We have a simply connected domain $D$ in the Riemann sphere $\hat{\mathbb{C}}$ such that the complement $D \backslash \hat{\mathbb{C}}$ has more than one point. We use a Mobius transform $g$ to send one point of the complement to $0$ and one to $\infty$. Now we know that $g(D)$ is connected so that there is an arc $\alpha$ from $0$ to $\infty$ that lies outside of it.
The next step confuses me.
We can choose an inverse branch $h:\hat{\mathbb{C}}\backslash \alpha \rightarrow\hat{\mathbb{C}} $ of the map $z\mapsto z^2$. From this we infer that there exists a non empty open set $U\subset \hat{\mathbb{C}} \backslash h\circ g(D)$.
Why do we know that such a $U$ exists?
Why could we not find an open set $U' \subset \hat{\mathbb{C}} \backslash g(D)$?

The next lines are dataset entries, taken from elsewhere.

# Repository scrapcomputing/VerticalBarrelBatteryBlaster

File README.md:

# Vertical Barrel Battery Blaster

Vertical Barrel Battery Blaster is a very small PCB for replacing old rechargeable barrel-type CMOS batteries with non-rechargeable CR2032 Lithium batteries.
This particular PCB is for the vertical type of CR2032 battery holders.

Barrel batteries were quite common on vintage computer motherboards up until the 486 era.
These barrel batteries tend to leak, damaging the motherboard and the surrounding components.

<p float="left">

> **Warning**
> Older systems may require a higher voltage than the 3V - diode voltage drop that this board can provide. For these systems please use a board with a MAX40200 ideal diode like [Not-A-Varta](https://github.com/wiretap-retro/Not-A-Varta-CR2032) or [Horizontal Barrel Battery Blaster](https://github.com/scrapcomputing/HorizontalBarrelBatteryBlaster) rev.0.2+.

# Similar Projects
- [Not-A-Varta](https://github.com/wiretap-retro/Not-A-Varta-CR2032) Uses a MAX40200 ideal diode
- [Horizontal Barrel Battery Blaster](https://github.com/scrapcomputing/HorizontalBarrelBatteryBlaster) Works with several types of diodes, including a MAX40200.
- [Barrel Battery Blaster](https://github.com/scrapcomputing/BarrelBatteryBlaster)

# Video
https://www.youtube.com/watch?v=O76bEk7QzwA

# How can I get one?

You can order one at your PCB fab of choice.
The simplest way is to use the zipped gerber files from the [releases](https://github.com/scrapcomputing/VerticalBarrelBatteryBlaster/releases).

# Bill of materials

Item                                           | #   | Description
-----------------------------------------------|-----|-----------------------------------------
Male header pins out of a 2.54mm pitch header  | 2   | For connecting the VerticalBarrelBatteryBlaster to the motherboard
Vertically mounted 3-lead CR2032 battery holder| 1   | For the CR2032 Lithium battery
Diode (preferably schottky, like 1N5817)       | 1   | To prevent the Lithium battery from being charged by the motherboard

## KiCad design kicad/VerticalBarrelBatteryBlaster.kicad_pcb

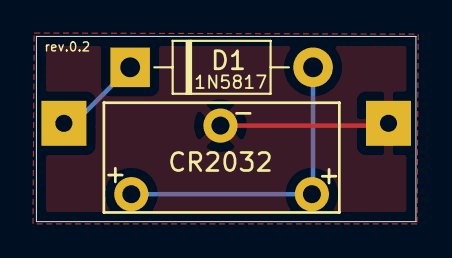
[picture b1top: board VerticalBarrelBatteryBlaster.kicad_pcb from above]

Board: 2 copper layers, 21.1 x 10.3 mm, 3 parts (1 on the bottom side), 3 nets.

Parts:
BarrelBattery1: BarrelBattery; barrel_battery_pins
CR2032: CR2032; cr2032_vertical_battery_holder
D1: 1N5817; D_DO-41_SOD81_P10.16mm_Horizontal

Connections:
GND: BarrelBattery1.2, CR2032.2
VBAT: CR2032.1, D1.2
VDiode: BarrelBattery1.1, D1.1

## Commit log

2023-06-27 Initial commit rev.0.1
2023-07-15 Improve README
2023-07-15 Rev.0.2: Improves printed text
2023-11-06 README: Add links to other project and to video
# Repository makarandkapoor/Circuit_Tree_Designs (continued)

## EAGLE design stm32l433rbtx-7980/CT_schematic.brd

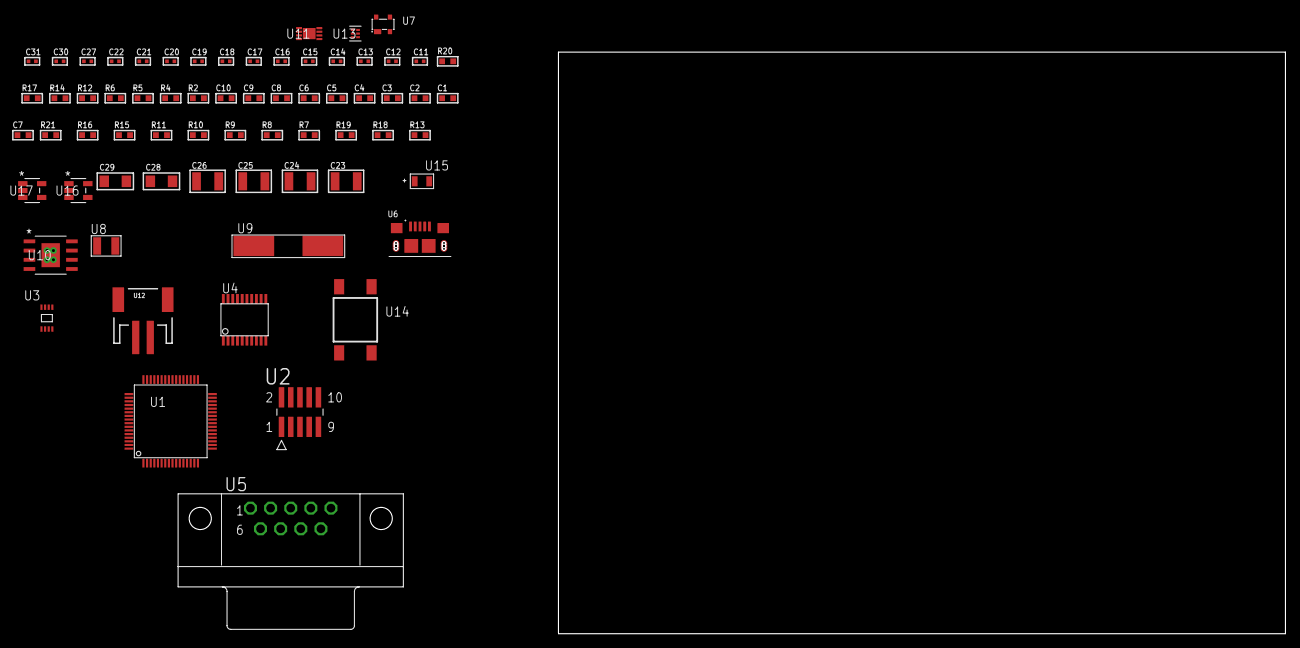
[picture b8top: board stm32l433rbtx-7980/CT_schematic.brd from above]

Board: 2 copper layers, 122.6 x 80.0 mm, 67 parts (0 on the bottom side), 42 nets, no tracks yet.

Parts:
C1, C9: 1e-06; C0603
C2, C3, C4, C5, C6, C10: 1e-07; C0603
C7: 4.7e-06; C0603
C8: 1e-08; C0603
C11, C12, C13, C14: 1e-11; C0402
C15, C17, C18, C19, C20, C21, C22, C27: 1e-07; C0402
C16, C30, C31: 1e-08; C0402
C23, C24, C25, C26: 1e-05; C1210
C28, C29: 1e-05; C1206
R2: 1000.0; R0603
R4: 4700.0; R0603
R5, R6, R14: 2200.0; R0603
R7, R8, R9, R10, R11, R15, R16, R21: 10000.0; R0603
R12: 5.0; R0603
R13: 4031.5447154472; R0603
R17: 9100.0; R0603
R18: 680000.0; R0603
R19: 120000.0; R0603
R20: 2000.0; R0603
U1: STM32L433RBT6; LQFP64
U2: FTSH-105-01-L-DV-K; SAMTEC_FTSH-105-01-L-DV-K
U3: 24AA16-I/MC; TDFN-8/6MM
U4: SP3203ECY-L/TR; TSSOP20-I
U5: 182-009-113R531; 182-009-MALE
U6: 10118193-0001LF; FCI_10118193-0001LF
U7: prtr5v0u2ax; SOT143B
U8: ABS07-32.768KHZ-7-T
U9: ABLS-25.000MHZ-B2F-T
U10: MIC5234YME; SOIC-8_EP
U11: MCP73831T-2ACI/MC; DFN8_2X3MC
U12: S2B-PH-SM4-TB(LF)(SN); JST-2-SMD
U13: TPS3895ADRYR; SON-6
U14: 4-1437565-2; SW_4-1437565-2
U15: Q65110A2395; LGM67K-G1J2-24-Z
U16, U17: nc7sz125m5x; NC7SZ125M5X

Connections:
CLK_CRYSTAL_U1_3: C11.1, U1.3, U8.1
CLK_CRYSTAL_U1_4: C12.1, U1.4, U8.2
CLK_CRYSTAL_U1_5: C13.1, U1.5, U9.1
CLK_CRYSTAL_U1_6: C14.1, U1.6, U9.2
GND: C1.2, C2.2, C3.2, C4.2, C5.2, C6.2, C7.2, C8.2, C9.2, C10.2, C11.2, C12.2, C13.2, C14.2, C15.2, C16.2, C17.2, C18.2, C21.2, C22.2, C23.2, C24.2, C25.2, C26.2, C27.2, C28.2, C29.2, C30.2, C31.2, R2.2, R7.2, R11.2, R12.2, R14.2, R17.2, R19.2, R20.2, U1.12, U1.18, U1.31, U1.47, U1.63, U2.3, U2.5, U3.4, U4.18, U5.5, U6.5, U6.6, U6.7, U6.8, U6.9, U7.1, U10.7, U10.EPAD, U11.6, U11.9, U12.2, U13.2, U15.C, U16.2, U16.3, U17.1, U17.3
INPUT_USBPOWER_5V: C28.1, R21.2, U6.1, U7.4, U11.1, U11.2
NET_U1_7: R4.1, U1.7, U17.4
NET_U1_42: R5.1, U1.42, U3.6
NET_U1_43: R6.1, U1.43, U3.5
NET_U1_60: R7.1, U1.60
NET_U1_62: U14.3, U14.4
NET_U2_9: R12.1, U2.9
NET_U4_1: C19.1, U4.1
NET_U4_2: C21.1, U4.2
NET_U4_3: C19.2, U4.3
NET_U4_4: C20.1, U4.4
NET_U4_5: C20.2, U4.5
NET_U4_6: C22.1, U4.6
NET_U5_2: U4.14, U5.2
NET_U5_3: U4.17, U5.3
NET_U5_7: U4.13, U5.7
NET_U5_8: U4.16, U5.8
NET_U10_4: R13.2, R14.1, U10.4
NET_U11_5: R21.1, U11.5
NET_U11_8: R20.1, U11.8
NET_U13_1: R16.1, R17.1, U13.1
NET_U13_3: R18.2, R19.1, U13.3
NET_U13_4: R15.1, U13.4, U16.4, U17.2
NET_U14_1: R2.1, U14.1, U14.2
PROC_LPUART1_CTS: U1.22, U4.8
PROC_LPUART1_RTS: U1.27, U4.10
PROC_LPUART1_RX: U1.8, U4.11
PROC_LPUART1_TX: U1.9, U4.7
PROC_SYS_JTCK_SWCLK: R11.1, U1.49, U2.4
PROC_SYS_JTDI: R9.1, U1.50, U2.8
PROC_SYS_JTDO_SWO: U1.55, U2.6
PROC_SYS_JTMS_SWDIO: R10.1, U1.46, U2.2
PROC_USB_DM: U1.44, U6.2, U7.3
PROC_USB_DP: U1.45, U6.3, U7.2
RST_OUT_U2_JTAG_RST_B: R8.1, U2.10, U16.1
VCC_S1_3V7: C23.1, C24.1, C29.1, U10.5, U10.8, U11.3, U11.4, U12.1
VCC_TIER1_3V3: C1.1, C2.1, C3.1, C4.1, C5.1, C6.1, C7.1, C8.1, C9.1, C10.1, C15.1, C16.1, C17.1, C18.1, C25.1, C26.1, C27.1, C30.1, C31.1, R4.2, R5.2, R6.2, R8.2, R9.2, R10.2, R13.1, R15.2, R16.2, R18.1, U1.1, U1.13, U1.19, U1.32, U1.48, U1.64, U2.1, U3.7, U3.8, U4.12, U4.19, U10.1, U13.6, U16.5, U17.5

There are simply connected domains that are dense in the sphere, $\mathbb{C}\setminus \{ t\in \mathbb{R} : t \leqslant 0\}$ for example. Since Möbius transformations are automorphisms of the sphere, $D$ is dense if and only $g(D)$ is dense. If $D$ is not dense, we don't need to apply $h$, since then (by definition) there already is a nonempty open set contained in $\hat{\mathbb{C}} \setminus g(D)$, but applying $h$ doesn't harm, so we avoid the case distinction by always applying it. We can guarantee that there is always a nonempty open set contained in $\hat{\mathbb{C}} \setminus h(g(D))$ because every nonzero complex number has exactly two square roots, of which $h$ chooses one, so $w \in h(g(D)) \implies -w \notin h(g(D))$, and if $W\subset h(g(D))$ is a nonempty open set, then $-W$ is a nonempty open set contained in the complement of $h(g(D))$.